WORK ORDER: Take the lines from the head of the listing through the one bearing "#5=PRODUCT_RELATED_PRODUCT_CATEGORY('part','',(#4));" and copy them exactly, leaving every picture out.

(Beginning of TASK DATA)

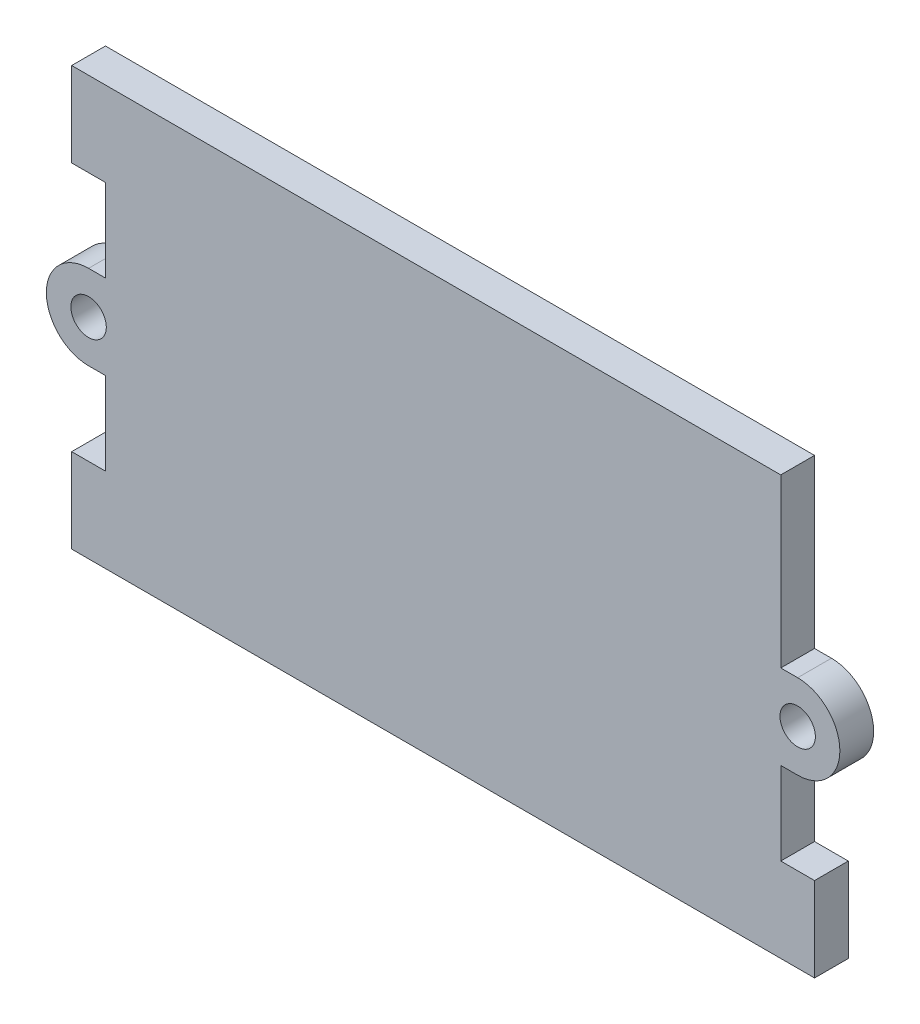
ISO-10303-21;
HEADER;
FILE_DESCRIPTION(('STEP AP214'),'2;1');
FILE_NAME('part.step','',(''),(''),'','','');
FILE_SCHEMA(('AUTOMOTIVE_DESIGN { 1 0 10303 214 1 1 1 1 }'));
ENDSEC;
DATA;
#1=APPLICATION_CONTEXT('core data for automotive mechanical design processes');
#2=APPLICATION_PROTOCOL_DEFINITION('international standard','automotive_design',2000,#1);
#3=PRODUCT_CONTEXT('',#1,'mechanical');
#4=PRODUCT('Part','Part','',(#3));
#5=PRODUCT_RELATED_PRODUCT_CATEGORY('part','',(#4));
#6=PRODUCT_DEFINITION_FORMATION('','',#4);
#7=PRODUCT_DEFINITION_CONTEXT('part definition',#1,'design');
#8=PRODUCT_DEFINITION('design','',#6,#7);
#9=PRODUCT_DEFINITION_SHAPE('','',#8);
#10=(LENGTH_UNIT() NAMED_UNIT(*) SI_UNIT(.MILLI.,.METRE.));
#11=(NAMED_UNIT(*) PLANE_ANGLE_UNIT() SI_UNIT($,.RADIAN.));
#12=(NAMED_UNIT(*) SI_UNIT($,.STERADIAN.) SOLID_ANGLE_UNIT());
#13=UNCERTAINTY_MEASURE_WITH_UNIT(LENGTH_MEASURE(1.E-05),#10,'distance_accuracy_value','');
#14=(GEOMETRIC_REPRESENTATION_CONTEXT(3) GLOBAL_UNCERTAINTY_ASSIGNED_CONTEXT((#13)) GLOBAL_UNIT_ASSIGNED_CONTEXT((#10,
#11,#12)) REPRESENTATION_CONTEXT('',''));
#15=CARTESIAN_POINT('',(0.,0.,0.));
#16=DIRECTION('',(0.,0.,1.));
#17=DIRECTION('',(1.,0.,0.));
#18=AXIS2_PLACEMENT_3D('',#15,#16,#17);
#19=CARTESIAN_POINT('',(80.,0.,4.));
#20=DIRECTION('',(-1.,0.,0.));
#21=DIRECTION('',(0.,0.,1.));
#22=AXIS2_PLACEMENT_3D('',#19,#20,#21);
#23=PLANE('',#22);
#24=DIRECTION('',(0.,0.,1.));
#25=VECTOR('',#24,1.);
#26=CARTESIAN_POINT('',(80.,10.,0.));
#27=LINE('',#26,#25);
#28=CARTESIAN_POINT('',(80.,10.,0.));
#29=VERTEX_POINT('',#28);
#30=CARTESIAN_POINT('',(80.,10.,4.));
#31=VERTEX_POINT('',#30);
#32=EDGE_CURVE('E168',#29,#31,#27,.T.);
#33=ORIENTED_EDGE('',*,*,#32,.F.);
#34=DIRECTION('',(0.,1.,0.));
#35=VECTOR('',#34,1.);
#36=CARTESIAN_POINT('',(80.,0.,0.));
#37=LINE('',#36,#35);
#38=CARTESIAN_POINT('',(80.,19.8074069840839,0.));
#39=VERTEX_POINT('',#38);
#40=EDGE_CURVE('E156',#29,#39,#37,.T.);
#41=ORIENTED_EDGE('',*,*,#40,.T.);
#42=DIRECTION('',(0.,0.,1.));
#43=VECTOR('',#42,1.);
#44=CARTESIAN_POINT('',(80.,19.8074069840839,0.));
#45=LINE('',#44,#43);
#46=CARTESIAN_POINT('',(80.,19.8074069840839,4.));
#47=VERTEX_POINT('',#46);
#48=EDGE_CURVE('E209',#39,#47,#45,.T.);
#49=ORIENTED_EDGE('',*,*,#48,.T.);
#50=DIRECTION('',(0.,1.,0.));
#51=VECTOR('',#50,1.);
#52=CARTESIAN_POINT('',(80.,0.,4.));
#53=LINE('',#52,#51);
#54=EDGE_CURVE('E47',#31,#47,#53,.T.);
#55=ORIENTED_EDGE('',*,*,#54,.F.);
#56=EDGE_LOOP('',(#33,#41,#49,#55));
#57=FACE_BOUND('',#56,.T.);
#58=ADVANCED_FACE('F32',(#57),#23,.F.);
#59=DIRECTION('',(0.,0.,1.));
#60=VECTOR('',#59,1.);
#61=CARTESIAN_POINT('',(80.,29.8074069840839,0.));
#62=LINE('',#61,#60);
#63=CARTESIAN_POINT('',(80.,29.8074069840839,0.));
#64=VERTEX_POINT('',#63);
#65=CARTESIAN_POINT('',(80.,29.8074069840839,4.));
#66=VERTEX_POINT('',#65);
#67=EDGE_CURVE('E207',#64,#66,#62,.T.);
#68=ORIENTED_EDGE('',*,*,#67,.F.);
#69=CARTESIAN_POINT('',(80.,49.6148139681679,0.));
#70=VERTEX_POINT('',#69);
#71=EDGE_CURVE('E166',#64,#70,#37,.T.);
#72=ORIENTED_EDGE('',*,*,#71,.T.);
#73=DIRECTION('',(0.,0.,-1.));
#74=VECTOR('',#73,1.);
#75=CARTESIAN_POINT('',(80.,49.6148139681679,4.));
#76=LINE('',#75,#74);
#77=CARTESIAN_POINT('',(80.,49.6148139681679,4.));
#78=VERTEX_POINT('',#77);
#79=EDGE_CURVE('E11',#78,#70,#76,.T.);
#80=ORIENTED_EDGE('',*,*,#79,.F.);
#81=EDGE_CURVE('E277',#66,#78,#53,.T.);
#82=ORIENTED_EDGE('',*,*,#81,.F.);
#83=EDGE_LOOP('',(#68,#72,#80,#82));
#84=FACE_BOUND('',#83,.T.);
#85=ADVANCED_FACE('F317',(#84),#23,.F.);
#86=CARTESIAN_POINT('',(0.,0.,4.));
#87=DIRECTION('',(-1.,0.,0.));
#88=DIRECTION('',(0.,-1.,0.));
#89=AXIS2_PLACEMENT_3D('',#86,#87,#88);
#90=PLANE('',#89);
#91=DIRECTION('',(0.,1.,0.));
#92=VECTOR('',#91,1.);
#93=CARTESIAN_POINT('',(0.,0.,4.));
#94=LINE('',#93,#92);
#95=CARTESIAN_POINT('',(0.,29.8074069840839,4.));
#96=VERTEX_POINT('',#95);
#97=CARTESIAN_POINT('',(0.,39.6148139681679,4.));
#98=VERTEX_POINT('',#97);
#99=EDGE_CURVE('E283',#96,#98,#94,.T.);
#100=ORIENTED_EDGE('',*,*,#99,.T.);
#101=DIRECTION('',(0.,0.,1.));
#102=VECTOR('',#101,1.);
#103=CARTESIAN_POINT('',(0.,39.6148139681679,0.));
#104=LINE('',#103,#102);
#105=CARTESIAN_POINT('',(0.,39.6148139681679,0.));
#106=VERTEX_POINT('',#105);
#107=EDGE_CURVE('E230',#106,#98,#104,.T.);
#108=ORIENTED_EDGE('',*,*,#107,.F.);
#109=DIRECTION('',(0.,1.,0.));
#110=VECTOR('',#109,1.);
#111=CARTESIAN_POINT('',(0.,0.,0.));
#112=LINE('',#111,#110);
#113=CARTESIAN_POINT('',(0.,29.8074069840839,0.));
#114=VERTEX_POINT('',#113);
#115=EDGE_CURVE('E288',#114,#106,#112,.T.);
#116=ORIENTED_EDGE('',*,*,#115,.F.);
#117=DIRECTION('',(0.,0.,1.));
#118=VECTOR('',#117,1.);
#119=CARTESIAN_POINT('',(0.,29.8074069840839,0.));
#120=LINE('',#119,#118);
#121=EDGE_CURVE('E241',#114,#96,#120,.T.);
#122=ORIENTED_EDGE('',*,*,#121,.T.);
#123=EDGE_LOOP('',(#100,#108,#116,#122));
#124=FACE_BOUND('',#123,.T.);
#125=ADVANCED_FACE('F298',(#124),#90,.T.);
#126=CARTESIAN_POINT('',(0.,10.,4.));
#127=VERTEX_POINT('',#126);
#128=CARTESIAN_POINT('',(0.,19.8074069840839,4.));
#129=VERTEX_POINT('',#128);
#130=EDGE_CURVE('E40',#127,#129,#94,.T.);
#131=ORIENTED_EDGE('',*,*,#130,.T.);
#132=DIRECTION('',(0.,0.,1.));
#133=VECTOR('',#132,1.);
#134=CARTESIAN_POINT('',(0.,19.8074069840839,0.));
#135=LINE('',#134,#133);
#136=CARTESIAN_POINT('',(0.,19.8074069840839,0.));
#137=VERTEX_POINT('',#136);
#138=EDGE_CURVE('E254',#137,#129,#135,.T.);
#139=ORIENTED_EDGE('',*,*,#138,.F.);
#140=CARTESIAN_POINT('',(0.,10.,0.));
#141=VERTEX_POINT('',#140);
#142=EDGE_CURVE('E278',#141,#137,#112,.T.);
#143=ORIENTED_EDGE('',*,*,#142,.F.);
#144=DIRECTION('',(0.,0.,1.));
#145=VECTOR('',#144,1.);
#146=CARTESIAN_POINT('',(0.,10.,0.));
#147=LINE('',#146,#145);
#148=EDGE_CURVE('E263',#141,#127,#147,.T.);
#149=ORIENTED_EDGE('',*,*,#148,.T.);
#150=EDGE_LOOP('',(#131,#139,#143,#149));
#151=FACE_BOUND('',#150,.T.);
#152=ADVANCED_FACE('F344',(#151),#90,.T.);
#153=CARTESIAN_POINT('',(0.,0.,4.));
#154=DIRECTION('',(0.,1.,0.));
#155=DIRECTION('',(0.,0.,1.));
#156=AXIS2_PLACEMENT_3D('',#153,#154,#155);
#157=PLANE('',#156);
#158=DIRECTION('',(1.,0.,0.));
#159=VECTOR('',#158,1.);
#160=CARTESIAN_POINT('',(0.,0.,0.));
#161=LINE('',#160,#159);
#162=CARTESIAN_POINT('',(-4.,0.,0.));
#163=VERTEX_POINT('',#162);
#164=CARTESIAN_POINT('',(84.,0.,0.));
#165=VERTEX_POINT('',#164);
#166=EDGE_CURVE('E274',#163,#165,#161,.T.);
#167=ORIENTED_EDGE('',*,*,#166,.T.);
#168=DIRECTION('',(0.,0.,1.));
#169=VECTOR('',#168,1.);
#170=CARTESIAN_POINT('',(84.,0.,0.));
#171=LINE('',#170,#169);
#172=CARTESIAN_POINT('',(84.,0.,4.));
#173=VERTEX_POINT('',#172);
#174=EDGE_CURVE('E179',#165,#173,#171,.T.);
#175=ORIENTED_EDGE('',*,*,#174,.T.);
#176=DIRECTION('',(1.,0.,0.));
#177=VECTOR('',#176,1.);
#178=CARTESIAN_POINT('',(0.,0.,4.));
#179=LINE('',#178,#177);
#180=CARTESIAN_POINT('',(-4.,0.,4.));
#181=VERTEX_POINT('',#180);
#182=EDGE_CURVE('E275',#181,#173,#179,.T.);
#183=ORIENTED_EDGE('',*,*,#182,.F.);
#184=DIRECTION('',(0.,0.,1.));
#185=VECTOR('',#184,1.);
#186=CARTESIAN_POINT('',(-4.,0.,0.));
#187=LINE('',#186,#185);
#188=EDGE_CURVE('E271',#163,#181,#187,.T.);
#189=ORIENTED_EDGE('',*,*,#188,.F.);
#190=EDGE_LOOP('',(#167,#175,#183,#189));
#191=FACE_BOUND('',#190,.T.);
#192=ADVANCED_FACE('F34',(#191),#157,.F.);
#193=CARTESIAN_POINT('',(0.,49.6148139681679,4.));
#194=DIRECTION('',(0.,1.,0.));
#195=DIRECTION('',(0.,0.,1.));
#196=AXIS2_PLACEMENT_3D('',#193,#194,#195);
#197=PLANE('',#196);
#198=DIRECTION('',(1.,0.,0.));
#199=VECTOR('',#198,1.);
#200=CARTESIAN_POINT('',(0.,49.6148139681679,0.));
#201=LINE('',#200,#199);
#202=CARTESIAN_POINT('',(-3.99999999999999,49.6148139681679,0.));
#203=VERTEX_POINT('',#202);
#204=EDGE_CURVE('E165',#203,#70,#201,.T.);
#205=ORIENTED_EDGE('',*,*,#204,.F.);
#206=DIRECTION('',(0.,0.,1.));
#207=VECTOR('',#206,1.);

(End of TASK DATA)

WRITTEN ANSWER:
ISO-10303-21;
HEADER;
FILE_DESCRIPTION(('STEP AP214'),'2;1');
FILE_NAME('part.step','',(''),(''),'','','');
FILE_SCHEMA(('AUTOMOTIVE_DESIGN { 1 0 10303 214 1 1 1 1 }'));
ENDSEC;
DATA;
#1=APPLICATION_CONTEXT('core data for automotive mechanical design processes');
#2=APPLICATION_PROTOCOL_DEFINITION('international standard','automotive_design',2000,#1);
#3=PRODUCT_CONTEXT('',#1,'mechanical');
#4=PRODUCT('Part','Part','',(#3));
#5=PRODUCT_RELATED_PRODUCT_CATEGORY('part','',(#4));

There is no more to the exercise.